Architecting Racetrack Memory Preshift through Pattern-Based Prediction Mechanisms

Racetrack Memories (RM) are a promising spintronic technology able to provide multi-bit storage in a single cell (tape-like) through a ferromagnetic nanowire with multiple domains. This technology offers superior density, non-volatility and low static power compared to CMOS memories. These features have attracted great interest in the adoption of RM as a replacement of RAM technology, from Main memory (DRAM) to maybe on-chip cache hierarchy (SRAM). One of the main drawbacks of this technology is the serialized access to the bits stored in each domain, resulting in unpredictable access time.
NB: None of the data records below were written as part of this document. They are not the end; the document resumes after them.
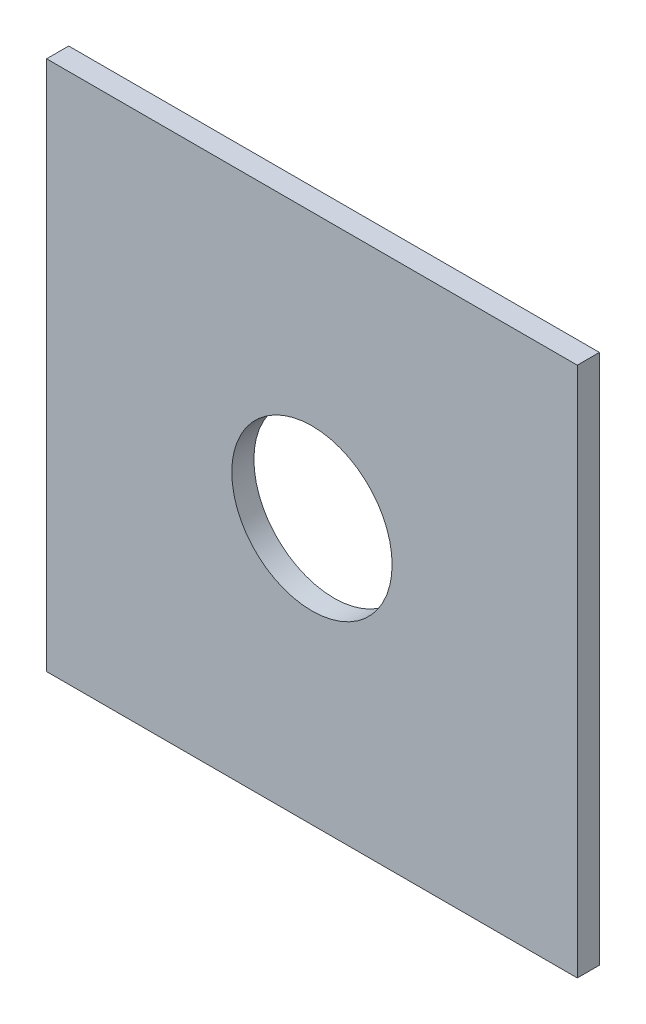
SolidWorks part; units mm, degrees
material "Mahogany"
ref_plane "Front Plane" through (0, 0, 0) normal (0, 0, 1) x (1, 0, 0)
ref_plane "Top Plane" through (0, 0, 0) normal (0, 1, 0) x (1, 0, 0)
ref_plane "Right Plane" through (0, 0, 0) normal (1, 0, 0) x (0, 0, -1)
sketch "Sketch1" plane through (0, 0, 0) normal (0, 0, 1) x (1, 0, 0)
  line L1 (152.4, 152.4) -> (-152.4, 152.4)
  line L2 (152.4, 152.4) -> (152.4, -152.4)
  line L3 (152.4, -152.4) -> (-152.4, -152.4)
  line L4 (-152.4, 152.4) -> (-152.4, -152.4)
  line L5 (152.4, 152.4) -> (-152.4, -152.4) construction
  line L6 (152.4, -152.4) -> (-152.4, 152.4) construction
  circle A0 centre (0, 0) radius 46.0375
  point P0 (0, 0)
  dimension "D3" = 92.075
  dimension "D1" = 304.8
  dimension "D2" = 304.8
extrude "Boss-Extrude1" add sketch "Sketch1" along normal blind 12.7
sketch "Sketch2" plane through (0, 0, 0) normal (0, 0, 1) x (1, 0, 0)
  line L0 (-71.842, 71.842) -> (0, 0) construction
  line L1 (0, 0) -> (71.842, -71.842) construction
  line L2 (0, 0) -> (152.4, 0) construction
  line L3 (152.4, -152.4) -> (152.4, 152.4) construction
  circle A0 centre (-71.842, 71.842) radius 7.9375
  circle A1 centre (71.842, -71.842) radius 7.9375
  dimension "D2" = 15.875
  dimension "D3" = 15.875
  dimension "D1" = 101.6
  dimension "D4" = 45
extrude "Cut-Extrude1" cut sketch "Sketch2" along normal offset from surface (9.525 mm away) 3.175 up to face at (0, 0, 12.7)

An appropriate header management policy can potentially reduce the number of shift operations required to access the correct position. Simple policies such as leaving read/write head on the last domain accessed (or on the next) provide enough improvement in the presence of a certain level of locality on data access. However, in those cases with much lower locality, a more accurate behavior from the header management policy would be desirable. In this paper, we explore the utilization of hardware prefetching policies to implement the header management policy. "Predicting" the length and direction of the next displacement, it is possible to reduce shift operations, improving memory access time. The results of our experiments show that, with an appropriate header, our proposal reduces average shift latency by up to 50% in L2 and LLC, improving average memory access time by up to 10%.